= Exercise objective =
Nothing but the pictures should be left out when the entries below are duplicated.

── Exercise input ──

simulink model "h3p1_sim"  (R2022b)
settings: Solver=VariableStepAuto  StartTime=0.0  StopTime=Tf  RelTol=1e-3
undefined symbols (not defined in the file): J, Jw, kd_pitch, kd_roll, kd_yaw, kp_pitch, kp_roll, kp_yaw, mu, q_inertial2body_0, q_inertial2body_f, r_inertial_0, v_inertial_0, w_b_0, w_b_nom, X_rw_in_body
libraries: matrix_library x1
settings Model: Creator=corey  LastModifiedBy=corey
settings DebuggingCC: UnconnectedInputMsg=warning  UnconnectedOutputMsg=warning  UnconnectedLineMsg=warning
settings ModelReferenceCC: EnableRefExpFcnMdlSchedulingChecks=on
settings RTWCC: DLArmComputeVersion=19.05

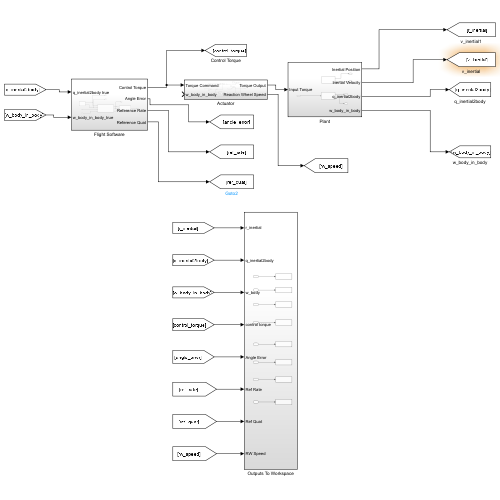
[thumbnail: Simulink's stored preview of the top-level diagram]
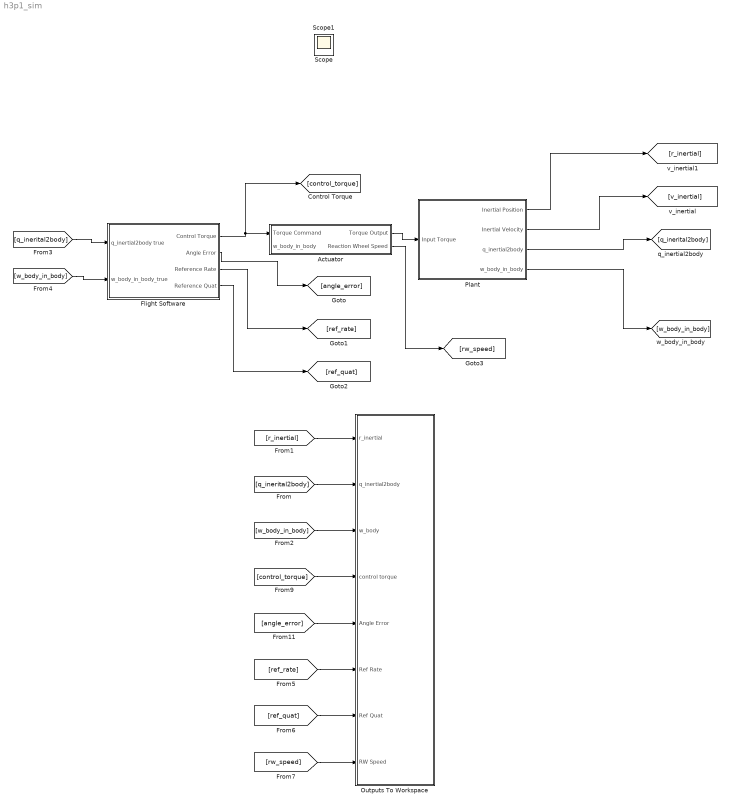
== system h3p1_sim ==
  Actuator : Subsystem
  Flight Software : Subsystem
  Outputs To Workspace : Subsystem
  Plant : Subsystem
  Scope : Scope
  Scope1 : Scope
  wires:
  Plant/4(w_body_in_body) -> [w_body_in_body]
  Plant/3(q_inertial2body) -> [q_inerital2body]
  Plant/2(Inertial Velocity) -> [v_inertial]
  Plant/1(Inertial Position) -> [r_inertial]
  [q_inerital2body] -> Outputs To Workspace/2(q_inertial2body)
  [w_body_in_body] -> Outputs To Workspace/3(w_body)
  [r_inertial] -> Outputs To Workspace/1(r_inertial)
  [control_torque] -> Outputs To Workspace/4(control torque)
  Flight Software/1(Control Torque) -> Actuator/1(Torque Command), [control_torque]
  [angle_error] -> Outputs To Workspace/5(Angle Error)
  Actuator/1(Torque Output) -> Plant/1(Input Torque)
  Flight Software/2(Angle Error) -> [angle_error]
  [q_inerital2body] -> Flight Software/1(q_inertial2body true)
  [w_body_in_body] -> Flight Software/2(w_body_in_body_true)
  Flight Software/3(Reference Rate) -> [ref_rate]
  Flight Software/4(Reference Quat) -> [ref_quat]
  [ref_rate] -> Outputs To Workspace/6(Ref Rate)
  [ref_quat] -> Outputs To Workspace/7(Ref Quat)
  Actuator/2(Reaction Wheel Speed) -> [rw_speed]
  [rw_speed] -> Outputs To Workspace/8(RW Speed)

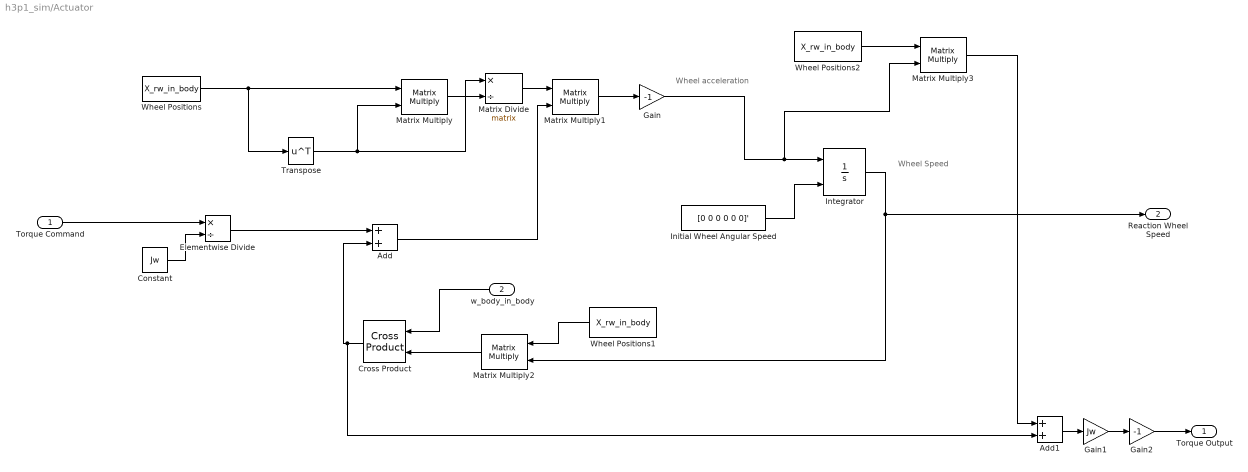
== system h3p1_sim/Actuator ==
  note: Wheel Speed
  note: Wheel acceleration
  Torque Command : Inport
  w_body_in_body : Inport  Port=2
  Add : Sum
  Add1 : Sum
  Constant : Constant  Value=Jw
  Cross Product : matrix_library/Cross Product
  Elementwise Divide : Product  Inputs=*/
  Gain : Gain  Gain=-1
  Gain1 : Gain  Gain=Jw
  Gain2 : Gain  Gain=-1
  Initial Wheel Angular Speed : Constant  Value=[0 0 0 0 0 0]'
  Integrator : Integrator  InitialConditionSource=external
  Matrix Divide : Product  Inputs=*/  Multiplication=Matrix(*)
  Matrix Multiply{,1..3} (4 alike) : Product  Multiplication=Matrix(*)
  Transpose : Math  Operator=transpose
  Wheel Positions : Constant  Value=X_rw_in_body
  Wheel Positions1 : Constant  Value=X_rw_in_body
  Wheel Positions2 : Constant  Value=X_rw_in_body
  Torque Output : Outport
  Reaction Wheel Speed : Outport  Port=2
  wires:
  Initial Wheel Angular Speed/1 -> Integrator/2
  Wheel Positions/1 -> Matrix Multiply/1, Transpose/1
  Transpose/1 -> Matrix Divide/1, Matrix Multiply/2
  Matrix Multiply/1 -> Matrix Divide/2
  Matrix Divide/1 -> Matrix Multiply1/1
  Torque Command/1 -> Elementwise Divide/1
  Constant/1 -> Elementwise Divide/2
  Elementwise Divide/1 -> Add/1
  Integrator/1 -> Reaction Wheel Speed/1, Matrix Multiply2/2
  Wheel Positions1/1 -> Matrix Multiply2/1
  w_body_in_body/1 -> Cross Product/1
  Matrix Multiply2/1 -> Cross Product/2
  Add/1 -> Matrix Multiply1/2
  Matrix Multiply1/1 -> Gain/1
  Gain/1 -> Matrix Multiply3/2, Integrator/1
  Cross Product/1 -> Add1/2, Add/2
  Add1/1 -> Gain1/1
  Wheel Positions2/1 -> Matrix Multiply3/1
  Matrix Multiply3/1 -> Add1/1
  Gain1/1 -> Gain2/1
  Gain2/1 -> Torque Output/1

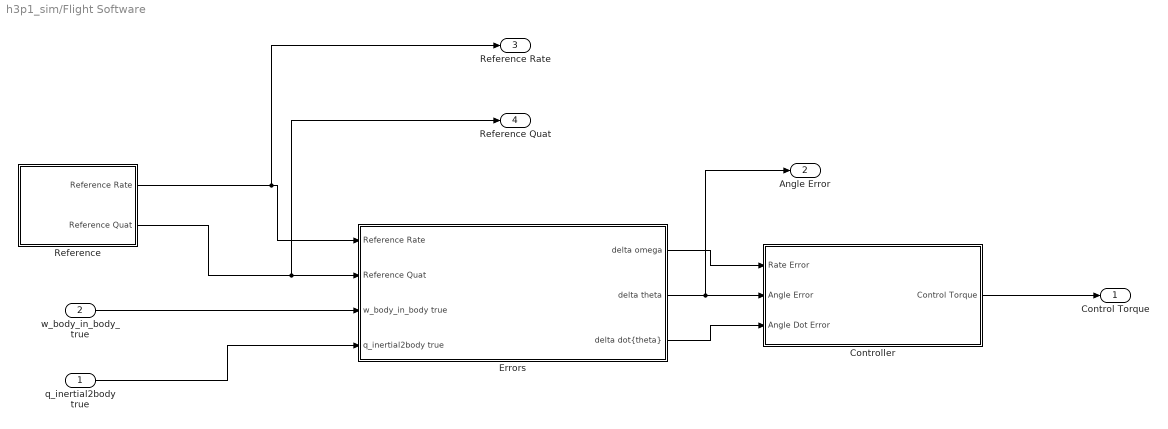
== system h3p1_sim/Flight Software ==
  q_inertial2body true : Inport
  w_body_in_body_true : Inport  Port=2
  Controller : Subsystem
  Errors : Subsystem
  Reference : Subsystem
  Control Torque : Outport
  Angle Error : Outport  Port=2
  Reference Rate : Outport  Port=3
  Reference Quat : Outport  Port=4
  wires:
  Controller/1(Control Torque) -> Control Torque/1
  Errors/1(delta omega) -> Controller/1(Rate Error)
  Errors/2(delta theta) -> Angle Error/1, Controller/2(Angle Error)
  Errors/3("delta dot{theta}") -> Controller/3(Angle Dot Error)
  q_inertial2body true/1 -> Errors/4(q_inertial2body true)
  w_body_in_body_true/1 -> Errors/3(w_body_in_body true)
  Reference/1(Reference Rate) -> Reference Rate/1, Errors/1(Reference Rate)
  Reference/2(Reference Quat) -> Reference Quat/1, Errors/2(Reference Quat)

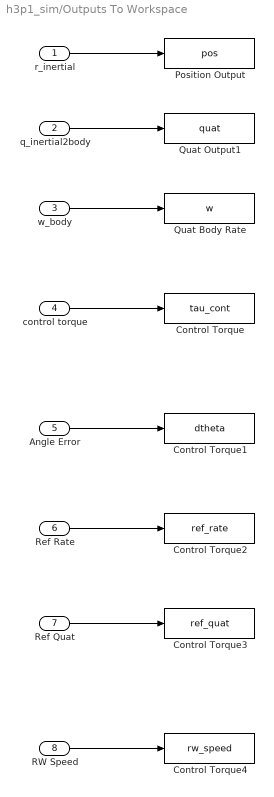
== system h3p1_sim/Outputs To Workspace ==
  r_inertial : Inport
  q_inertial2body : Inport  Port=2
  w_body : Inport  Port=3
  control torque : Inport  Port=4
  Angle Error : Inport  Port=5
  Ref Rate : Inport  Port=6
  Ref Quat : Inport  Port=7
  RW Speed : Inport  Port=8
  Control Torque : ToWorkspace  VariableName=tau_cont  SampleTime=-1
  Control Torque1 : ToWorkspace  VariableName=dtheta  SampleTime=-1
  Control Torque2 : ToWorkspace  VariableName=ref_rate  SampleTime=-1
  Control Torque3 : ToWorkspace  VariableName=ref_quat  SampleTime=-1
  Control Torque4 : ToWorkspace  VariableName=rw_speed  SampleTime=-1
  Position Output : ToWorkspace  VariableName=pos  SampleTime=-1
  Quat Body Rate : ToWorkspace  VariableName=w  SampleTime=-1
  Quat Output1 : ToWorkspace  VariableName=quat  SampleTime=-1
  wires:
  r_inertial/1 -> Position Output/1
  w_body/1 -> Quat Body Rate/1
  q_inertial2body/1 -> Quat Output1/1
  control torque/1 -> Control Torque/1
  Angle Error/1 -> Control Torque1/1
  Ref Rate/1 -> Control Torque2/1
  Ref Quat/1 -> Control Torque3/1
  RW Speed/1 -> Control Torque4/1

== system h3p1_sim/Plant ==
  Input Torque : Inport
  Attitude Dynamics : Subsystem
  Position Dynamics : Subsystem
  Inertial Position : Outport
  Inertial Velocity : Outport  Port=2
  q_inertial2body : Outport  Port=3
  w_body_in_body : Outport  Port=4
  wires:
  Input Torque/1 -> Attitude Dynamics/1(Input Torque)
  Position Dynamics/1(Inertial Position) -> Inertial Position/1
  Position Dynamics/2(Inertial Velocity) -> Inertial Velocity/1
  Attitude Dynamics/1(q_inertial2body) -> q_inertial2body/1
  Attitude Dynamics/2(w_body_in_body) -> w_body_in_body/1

───

= Your solution =
simulink model "h3p1_sim"  (R2022b)
settings: Solver=VariableStepAuto  StartTime=0.0  StopTime=Tf  RelTol=1e-3
undefined symbols (not defined in the file): J, Jw, kd_pitch, kd_roll, kd_yaw, kp_pitch, kp_roll, kp_yaw, mu, q_inertial2body_0, q_inertial2body_f, r_inertial_0, v_inertial_0, w_b_0, w_b_nom, X_rw_in_body
libraries: matrix_library x1
settings Model: Creator=corey  LastModifiedBy=corey
settings DebuggingCC: UnconnectedInputMsg=warning  UnconnectedOutputMsg=warning  UnconnectedLineMsg=warning
settings ModelReferenceCC: EnableRefExpFcnMdlSchedulingChecks=on
settings RTWCC: DLArmComputeVersion=19.05

[thumbnail: Simulink's stored preview of the top-level diagram]
== system h3p1_sim ==
  Actuator : Subsystem
  Flight Software : Subsystem
  Outputs To Workspace : Subsystem
  Plant : Subsystem
  Scope : Scope
  Scope1 : Scope
  wires:
  Plant/4(w_body_in_body) -> [w_body_in_body]
  Plant/3(q_inertial2body) -> [q_inerital2body]
  Plant/2(Inertial Velocity) -> [v_inertial]
  Plant/1(Inertial Position) -> [r_inertial]
  [q_inerital2body] -> Outputs To Workspace/2(q_inertial2body)
  [w_body_in_body] -> Outputs To Workspace/3(w_body)
  [r_inertial] -> Outputs To Workspace/1(r_inertial)
  [control_torque] -> Outputs To Workspace/4(control torque)
  Flight Software/1(Control Torque) -> Actuator/1(Torque Command), [control_torque]
  [angle_error] -> Outputs To Workspace/5(Angle Error)
  Actuator/1(Torque Output) -> Plant/1(Input Torque)
  Flight Software/2(Angle Error) -> [angle_error]
  [q_inerital2body] -> Flight Software/1(q_inertial2body true)
  [w_body_in_body] -> Flight Software/2(w_body_in_body_true)
  Flight Software/3(Reference Rate) -> [ref_rate]
  Flight Software/4(Reference Quat) -> [ref_quat]
  [ref_rate] -> Outputs To Workspace/6(Ref Rate)
  [ref_quat] -> Outputs To Workspace/7(Ref Quat)
  Actuator/2(Reaction Wheel Speed) -> [rw_speed]
  [rw_speed] -> Outputs To Workspace/8(RW Speed)

== system h3p1_sim/Actuator ==
  note: Wheel Speed
  note: Wheel acceleration
  Torque Command : Inport
  w_body_in_body : Inport  Port=2
  Add : Sum
  Add1 : Sum
  Constant : Constant  Value=Jw
  Cross Product : matrix_library/Cross Product
  Elementwise Divide : Product  Inputs=*/
  Gain : Gain  Gain=-1
  Gain1 : Gain  Gain=Jw
  Gain2 : Gain  Gain=-1
  Initial Wheel Angular Speed : Constant  Value=[0 0 0 0 0 0]'
  Integrator : Integrator  InitialConditionSource=external
  Matrix Divide : Product  Inputs=*/  Multiplication=Matrix(*)
  Matrix Multiply{,1..3} (4 alike) : Product  Multiplication=Matrix(*)
  Transpose : Math  Operator=transpose
  Wheel Positions : Constant  Value=X_rw_in_body
  Wheel Positions1 : Constant  Value=X_rw_in_body
  Wheel Positions2 : Constant  Value=X_rw_in_body
  Torque Output : Outport
  Reaction Wheel Speed : Outport  Port=2
  wires:
  Initial Wheel Angular Speed/1 -> Integrator/2
  Wheel Positions/1 -> Matrix Multiply/1, Transpose/1
  Transpose/1 -> Matrix Divide/1, Matrix Multiply/2
  Matrix Multiply/1 -> Matrix Divide/2
  Matrix Divide/1 -> Matrix Multiply1/1
  Torque Command/1 -> Elementwise Divide/1
  Constant/1 -> Elementwise Divide/2
  Elementwise Divide/1 -> Add/1
  Integrator/1 -> Reaction Wheel Speed/1, Matrix Multiply2/2
  Wheel Positions1/1 -> Matrix Multiply2/1
  w_body_in_body/1 -> Cross Product/1
  Matrix Multiply2/1 -> Cross Product/2
  Add/1 -> Matrix Multiply1/2
  Matrix Multiply1/1 -> Gain/1
  Gain/1 -> Matrix Multiply3/2, Integrator/1
  Cross Product/1 -> Add1/2, Add/2
  Add1/1 -> Gain1/1
  Wheel Positions2/1 -> Matrix Multiply3/1
  Matrix Multiply3/1 -> Add1/1
  Gain1/1 -> Gain2/1
  Gain2/1 -> Torque Output/1

== system h3p1_sim/Flight Software ==
  q_inertial2body true : Inport
  w_body_in_body_true : Inport  Port=2
  Controller : Subsystem
  Errors : Subsystem
  Reference : Subsystem
  Control Torque : Outport
  Angle Error : Outport  Port=2
  Reference Rate : Outport  Port=3
  Reference Quat : Outport  Port=4
  wires:
  Controller/1(Control Torque) -> Control Torque/1
  Errors/1(delta omega) -> Controller/1(Rate Error)
  Errors/2(delta theta) -> Angle Error/1, Controller/2(Angle Error)
  Errors/3("delta dot{theta}") -> Controller/3(Angle Dot Error)
  q_inertial2body true/1 -> Errors/4(q_inertial2body true)
  w_body_in_body_true/1 -> Errors/3(w_body_in_body true)
  Reference/1(Reference Rate) -> Reference Rate/1, Errors/1(Reference Rate)
  Reference/2(Reference Quat) -> Reference Quat/1, Errors/2(Reference Quat)

== system h3p1_sim/Outputs To Workspace ==
  r_inertial : Inport
  q_inertial2body : Inport  Port=2
  w_body : Inport  Port=3
  control torque : Inport  Port=4
  Angle Error : Inport  Port=5
  Ref Rate : Inport  Port=6
  Ref Quat : Inport  Port=7
  RW Speed : Inport  Port=8
  Control Torque : ToWorkspace  VariableName=tau_cont  SampleTime=-1
  Control Torque1 : ToWorkspace  VariableName=dtheta  SampleTime=-1
  Control Torque2 : ToWorkspace  VariableName=ref_rate  SampleTime=-1
  Control Torque3 : ToWorkspace  VariableName=ref_quat  SampleTime=-1
  Control Torque4 : ToWorkspace  VariableName=rw_speed  SampleTime=-1
  Position Output : ToWorkspace  VariableName=pos  SampleTime=-1
  Quat Body Rate : ToWorkspace  VariableName=w  SampleTime=-1
  Quat Output1 : ToWorkspace  VariableName=quat  SampleTime=-1
  wires:
  r_inertial/1 -> Position Output/1
  w_body/1 -> Quat Body Rate/1
  q_inertial2body/1 -> Quat Output1/1
  control torque/1 -> Control Torque/1
  Angle Error/1 -> Control Torque1/1
  Ref Rate/1 -> Control Torque2/1
  Ref Quat/1 -> Control Torque3/1
  RW Speed/1 -> Control Torque4/1

== system h3p1_sim/Plant ==
  Input Torque : Inport
  Attitude Dynamics : Subsystem
  Position Dynamics : Subsystem
  Inertial Position : Outport
  Inertial Velocity : Outport  Port=2
  q_inertial2body : Outport  Port=3
  w_body_in_body : Outport  Port=4
  wires:
  Input Torque/1 -> Attitude Dynamics/1(Input Torque)
  Position Dynamics/1(Inertial Position) -> Inertial Position/1
  Position Dynamics/2(Inertial Velocity) -> Inertial Velocity/1
  Attitude Dynamics/1(q_inertial2body) -> q_inertial2body/1
  Attitude Dynamics/2(w_body_in_body) -> w_body_in_body/1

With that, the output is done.